Ponzo Illusion Collection

So, while waiting for someone to help me fix random illusion hack, and for the Yahoo stuff to update the widget, I decided to share an interesting optical illusion collection with all of you. Previously illusions like this were posted in each separate post, but now as we all got used to them, probably better solution is to group them like this. I got this idea when I visited Dark Roasted Blend.

All of these are variations of the original Ponzo illusion. Previously I thought it’s the same phenomena as Ebinghaus illusion, but there is a slight difference. The Ponzo illusion is an optical illusion that was first demonstrated by the Italian psychologist Mario Ponzo in 1913. He then suggested that the human mind judges an object’s size based on its background. He originally showed this by drawing two identical lines across a pair of converging lines, similar to railway tracks.
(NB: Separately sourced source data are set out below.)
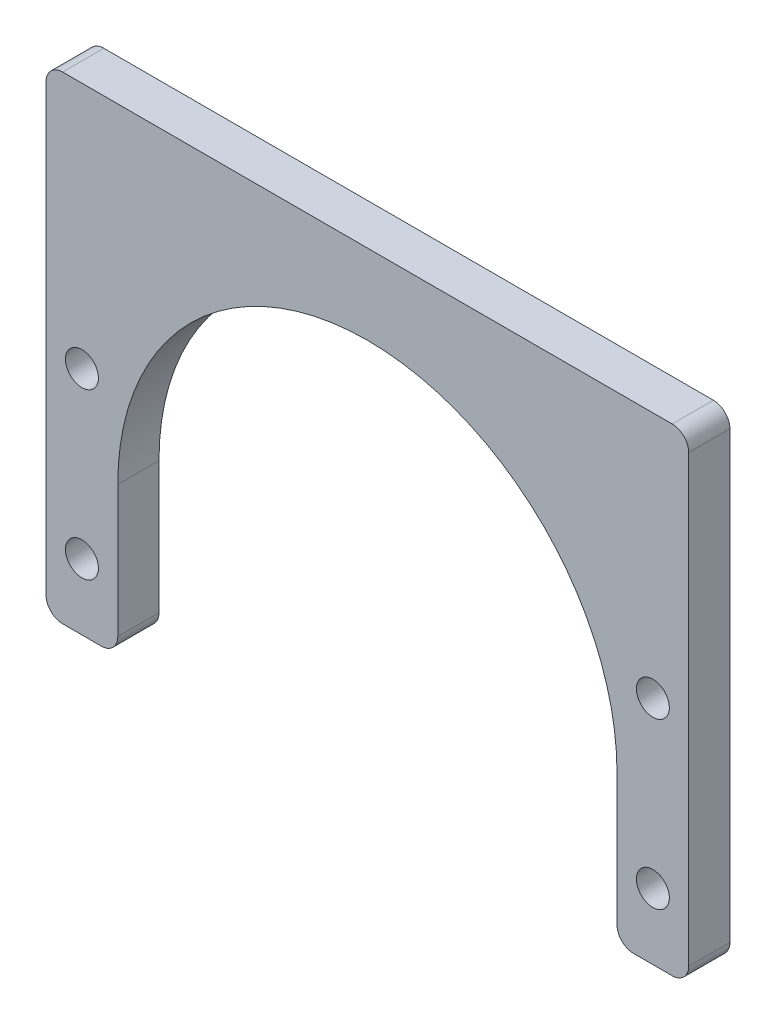
ISO-10303-21;
HEADER;
FILE_DESCRIPTION(('STEP AP214'),'2;1');
FILE_NAME('part.step','',(''),(''),'','','');
FILE_SCHEMA(('AUTOMOTIVE_DESIGN { 1 0 10303 214 1 1 1 1 }'));
ENDSEC;
DATA;
#1=APPLICATION_CONTEXT('core data for automotive mechanical design processes');
#2=APPLICATION_PROTOCOL_DEFINITION('international standard','automotive_design',2000,#1);
#3=PRODUCT_CONTEXT('',#1,'mechanical');
#4=PRODUCT('Part','Part','',(#3));
#5=PRODUCT_RELATED_PRODUCT_CATEGORY('part','',(#4));
#6=PRODUCT_DEFINITION_FORMATION('','',#4);
#7=PRODUCT_DEFINITION_CONTEXT('part definition',#1,'design');
#8=PRODUCT_DEFINITION('design','',#6,#7);
#9=PRODUCT_DEFINITION_SHAPE('','',#8);
#10=(LENGTH_UNIT() NAMED_UNIT(*) SI_UNIT(.MILLI.,.METRE.));
#11=(NAMED_UNIT(*) PLANE_ANGLE_UNIT() SI_UNIT($,.RADIAN.));
#12=(NAMED_UNIT(*) SI_UNIT($,.STERADIAN.) SOLID_ANGLE_UNIT());
#13=UNCERTAINTY_MEASURE_WITH_UNIT(LENGTH_MEASURE(1.E-05),#10,'distance_accuracy_value','');
#14=(GEOMETRIC_REPRESENTATION_CONTEXT(3) GLOBAL_UNCERTAINTY_ASSIGNED_CONTEXT((#13)) GLOBAL_UNIT_ASSIGNED_CONTEXT((#10,
#11,#12)) REPRESENTATION_CONTEXT('',''));
#15=CARTESIAN_POINT('',(0.,0.,0.));
#16=DIRECTION('',(0.,0.,1.));
#17=DIRECTION('',(1.,0.,0.));
#18=AXIS2_PLACEMENT_3D('',#15,#16,#17);
#19=CARTESIAN_POINT('',(0.,0.,5.));
#20=DIRECTION('',(0.,0.,-1.));
#21=DIRECTION('',(-1.,0.,0.));
#22=AXIS2_PLACEMENT_3D('',#19,#20,#21);
#23=CYLINDRICAL_SURFACE('',#22,30.3);
#24=CARTESIAN_POINT('',(0.,0.,0.));
#25=DIRECTION('',(0.,0.,1.));
#26=DIRECTION('',(1.,0.,0.));
#27=AXIS2_PLACEMENT_3D('',#24,#25,#26);
#28=CIRCLE('',#27,30.3);
#29=CARTESIAN_POINT('',(30.3,0.,0.));
#30=VERTEX_POINT('',#29);
#31=CARTESIAN_POINT('',(-30.3,0.,0.));
#32=VERTEX_POINT('',#31);
#33=EDGE_CURVE('E145',#30,#32,#28,.T.);
#34=ORIENTED_EDGE('',*,*,#33,.F.);
#35=DIRECTION('',(0.,0.,-1.));
#36=VECTOR('',#35,1.);
#37=CARTESIAN_POINT('',(30.3,0.,5.));
#38=LINE('',#37,#36);
#39=CARTESIAN_POINT('',(30.3,0.,5.));
#40=VERTEX_POINT('',#39);
#41=EDGE_CURVE('E139',#40,#30,#38,.T.);
#42=ORIENTED_EDGE('',*,*,#41,.F.);
#43=CARTESIAN_POINT('',(0.,0.,5.));
#44=DIRECTION('',(0.,0.,1.));
#45=DIRECTION('',(1.,0.,0.));
#46=AXIS2_PLACEMENT_3D('',#43,#44,#45);
#47=CIRCLE('',#46,30.3);
#48=CARTESIAN_POINT('',(-30.3,0.,5.));
#49=VERTEX_POINT('',#48);
#50=EDGE_CURVE('E142',#40,#49,#47,.T.);
#51=ORIENTED_EDGE('',*,*,#50,.T.);
#52=DIRECTION('',(0.,0.,-1.));
#53=VECTOR('',#52,1.);
#54=CARTESIAN_POINT('',(-30.3,0.,5.));
#55=LINE('',#54,#53);
#56=EDGE_CURVE('E150',#49,#32,#55,.T.);
#57=ORIENTED_EDGE('',*,*,#56,.T.);
#58=EDGE_LOOP('',(#34,#42,#51,#57));
#59=FACE_BOUND('',#58,.T.);
#60=ADVANCED_FACE('F36',(#59),#23,.F.);
#61=CARTESIAN_POINT('',(30.3,0.,5.));
#62=DIRECTION('',(1.,0.,0.));
#63=DIRECTION('',(0.,1.,0.));
#64=AXIS2_PLACEMENT_3D('',#61,#62,#63);
#65=PLANE('',#64);
#66=DIRECTION('',(0.,-1.,0.));
#67=VECTOR('',#66,1.);
#68=CARTESIAN_POINT('',(30.3,0.,0.));
#69=LINE('',#68,#67);
#70=CARTESIAN_POINT('',(30.3,-16.,0.));
#71=VERTEX_POINT('',#70);
#72=EDGE_CURVE('E198',#30,#71,#69,.T.);
#73=ORIENTED_EDGE('',*,*,#72,.T.);
#74=DIRECTION('',(0.,0.,-1.));
#75=VECTOR('',#74,1.);
#76=CARTESIAN_POINT('',(30.3,-16.,5.));
#77=LINE('',#76,#75);
#78=CARTESIAN_POINT('',(30.3,-16.,5.));
#79=VERTEX_POINT('',#78);
#80=EDGE_CURVE('E156',#71,#79,#77,.F.);
#81=ORIENTED_EDGE('',*,*,#80,.T.);
#82=DIRECTION('',(0.,-1.,0.));
#83=VECTOR('',#82,1.);
#84=CARTESIAN_POINT('',(30.3,0.,5.));
#85=LINE('',#84,#83);
#86=EDGE_CURVE('E153',#40,#79,#85,.T.);
#87=ORIENTED_EDGE('',*,*,#86,.F.);
#88=ORIENTED_EDGE('',*,*,#41,.T.);
#89=EDGE_LOOP('',(#73,#81,#87,#88));
#90=FACE_BOUND('',#89,.T.);
#91=ADVANCED_FACE('F154',(#90),#65,.F.);
#92=CARTESIAN_POINT('',(0.,-18.,5.));
#93=DIRECTION('',(0.,1.,0.));
#94=DIRECTION('',(-1.,0.,0.));
#95=AXIS2_PLACEMENT_3D('',#92,#93,#94);
#96=PLANE('',#95);
#97=DIRECTION('',(1.,0.,0.));
#98=VECTOR('',#97,1.);
#99=CARTESIAN_POINT('',(0.,-18.,5.));
#100=LINE('',#99,#98);
#101=CARTESIAN_POINT('',(32.3,-18.,5.));
#102=VERTEX_POINT('',#101);
#103=CARTESIAN_POINT('',(37.,-18.,5.));
#104=VERTEX_POINT('',#103);
#105=EDGE_CURVE('E158',#102,#104,#100,.T.);
#106=ORIENTED_EDGE('',*,*,#105,.F.);
#107=DIRECTION('',(0.,0.,-1.));
#108=VECTOR('',#107,1.);
#109=CARTESIAN_POINT('',(32.3,-18.,5.));
#110=LINE('',#109,#108);
#111=CARTESIAN_POINT('',(32.3,-18.,0.));
#112=VERTEX_POINT('',#111);
#113=EDGE_CURVE('E262',#102,#112,#110,.T.);
#114=ORIENTED_EDGE('',*,*,#113,.T.);
#115=DIRECTION('',(1.,0.,0.));
#116=VECTOR('',#115,1.);
#117=CARTESIAN_POINT('',(0.,-18.,0.));
#118=LINE('',#117,#116);
#119=CARTESIAN_POINT('',(37.,-18.,0.));
#120=VERTEX_POINT('',#119);
#121=EDGE_CURVE('E200',#112,#120,#118,.T.);
#122=ORIENTED_EDGE('',*,*,#121,.T.);
#123=DIRECTION('',(0.,0.,-1.));
#124=VECTOR('',#123,1.);
#125=CARTESIAN_POINT('',(37.,-18.,5.));
#126=LINE('',#125,#124);
#127=EDGE_CURVE('E260',#120,#104,#126,.F.);
#128=ORIENTED_EDGE('',*,*,#127,.T.);
#129=EDGE_LOOP('',(#106,#114,#122,#128));
#130=FACE_BOUND('',#129,.T.);
#131=ADVANCED_FACE('F306',(#130),#96,.F.);
#132=CARTESIAN_POINT('',(39.,0.,5.));
#133=DIRECTION('',(1.,0.,0.));
#134=DIRECTION('',(0.,1.,0.));
#135=AXIS2_PLACEMENT_3D('',#132,#133,#134);
#136=PLANE('',#135);
#137=DIRECTION('',(0.,-1.,0.));
#138=VECTOR('',#137,1.);
#139=CARTESIAN_POINT('',(39.,0.,5.));
#140=LINE('',#139,#138);
#141=CARTESIAN_POINT('',(39.,38.,5.));
#142=VERTEX_POINT('',#141);
#143=CARTESIAN_POINT('',(39.,-16.,5.));
#144=VERTEX_POINT('',#143);
#145=EDGE_CURVE('E173',#142,#144,#140,.T.);
#146=ORIENTED_EDGE('',*,*,#145,.T.);
#147=DIRECTION('',(0.,0.,-1.));
#148=VECTOR('',#147,1.);
#149=CARTESIAN_POINT('',(39.,-16.,0.));
#150=LINE('',#149,#148);
#151=CARTESIAN_POINT('',(39.,-16.,0.));
#152=VERTEX_POINT('',#151);
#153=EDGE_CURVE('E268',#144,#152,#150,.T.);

The upper line looked longer because we interpret the converging sides according to linear perspective as parallel lines receding into the distance – a farther object would have to be longer than a nearer one for both to produce retinal images of the same size. If this collection still wasn’t enough for you, be sure to check Ponzo variation of: soldiers, terrain vehicles, nuns, monoliths, pigglets, spheres, monsters and others .





36 Replies to “Ponzo Illusion Collection”

  1. Seems the mac widget is taking me to google reader to add the comments feed to my reader. It used to bring me right to the page for that days illusion.

  2. Milner and Goodale in 1985 suggested that there is action and perception visual systems. The perception is responsible for what. It is known as the Ventral visual stream using a occipital – temporal pathway. Anyway long story short the ventral system is responsible for object size constancy. So the same sized object perceived in further away seems bigger because we try to maintain an object size constancy notion that would be informative of its dimensions based on size/distance interaction. So the illusion is also in the question. Which object is bigger answer correctly the one further away on realistic terms. Which figure is drawn bigger outside a space continuous doesn’t.

  3. This reminds me of the mistaken belief that the sun has different optical sizes as it rises and sets throughout the day. People I explain this to do not believe that the image of the sun is the same exact size at sunset (when it appears large) as it is at its peak midday (appearing smaller). This is because we are interpreting the sun’s size in refrence to earthbound objects (buildings, trees, etc.) at sunset/rise, but do not have such apparent contrasting objects when the sun is at its peak. THE TEST: hold you hand at arms length (extended) and cover the sun’s image at its peak. Not which of you finger just barely covers it. Then, at sunset, when the sun is “big”, do the same. The same finger will cover the sun!